▽

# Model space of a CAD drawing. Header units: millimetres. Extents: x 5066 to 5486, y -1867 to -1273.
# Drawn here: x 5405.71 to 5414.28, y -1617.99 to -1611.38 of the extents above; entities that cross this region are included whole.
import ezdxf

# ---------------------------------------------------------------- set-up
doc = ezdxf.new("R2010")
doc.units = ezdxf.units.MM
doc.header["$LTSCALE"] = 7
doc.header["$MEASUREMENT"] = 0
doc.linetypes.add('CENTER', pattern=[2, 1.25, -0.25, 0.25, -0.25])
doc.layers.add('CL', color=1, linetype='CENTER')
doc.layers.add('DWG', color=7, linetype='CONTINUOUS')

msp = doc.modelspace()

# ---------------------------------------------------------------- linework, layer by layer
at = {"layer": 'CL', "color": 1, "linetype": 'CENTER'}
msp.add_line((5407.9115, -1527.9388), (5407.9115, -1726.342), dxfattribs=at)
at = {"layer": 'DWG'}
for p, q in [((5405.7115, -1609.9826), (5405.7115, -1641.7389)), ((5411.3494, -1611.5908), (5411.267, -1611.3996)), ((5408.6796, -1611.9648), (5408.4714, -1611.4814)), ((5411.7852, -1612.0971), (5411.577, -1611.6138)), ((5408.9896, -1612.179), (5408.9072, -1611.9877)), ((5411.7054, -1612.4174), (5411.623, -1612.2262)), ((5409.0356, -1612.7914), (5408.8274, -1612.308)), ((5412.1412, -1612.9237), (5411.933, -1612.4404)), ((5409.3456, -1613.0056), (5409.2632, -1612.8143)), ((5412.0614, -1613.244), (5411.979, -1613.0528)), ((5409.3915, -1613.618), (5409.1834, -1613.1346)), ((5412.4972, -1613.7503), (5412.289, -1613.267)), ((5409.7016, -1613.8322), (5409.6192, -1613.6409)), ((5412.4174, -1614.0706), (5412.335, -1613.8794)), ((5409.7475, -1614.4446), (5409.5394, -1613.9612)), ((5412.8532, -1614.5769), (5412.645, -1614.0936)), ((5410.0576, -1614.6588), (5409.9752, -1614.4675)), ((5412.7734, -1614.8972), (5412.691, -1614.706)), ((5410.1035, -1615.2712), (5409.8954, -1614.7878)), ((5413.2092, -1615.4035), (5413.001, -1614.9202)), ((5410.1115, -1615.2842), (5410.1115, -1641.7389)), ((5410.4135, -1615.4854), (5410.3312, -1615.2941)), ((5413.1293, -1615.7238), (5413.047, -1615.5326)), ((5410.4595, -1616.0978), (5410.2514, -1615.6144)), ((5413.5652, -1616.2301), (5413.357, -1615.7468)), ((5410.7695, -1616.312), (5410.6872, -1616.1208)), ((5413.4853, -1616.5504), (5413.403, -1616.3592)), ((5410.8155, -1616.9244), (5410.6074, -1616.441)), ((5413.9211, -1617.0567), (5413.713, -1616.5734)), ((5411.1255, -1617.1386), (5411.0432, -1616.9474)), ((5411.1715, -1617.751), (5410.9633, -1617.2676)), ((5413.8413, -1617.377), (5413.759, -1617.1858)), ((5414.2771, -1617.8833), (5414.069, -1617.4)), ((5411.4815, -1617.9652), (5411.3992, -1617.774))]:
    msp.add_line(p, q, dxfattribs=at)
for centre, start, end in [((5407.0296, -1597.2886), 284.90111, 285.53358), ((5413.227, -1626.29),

△

• _Task directions_
Determine how many lines above contain the string "units". Give only that number.

• _Answer space_
2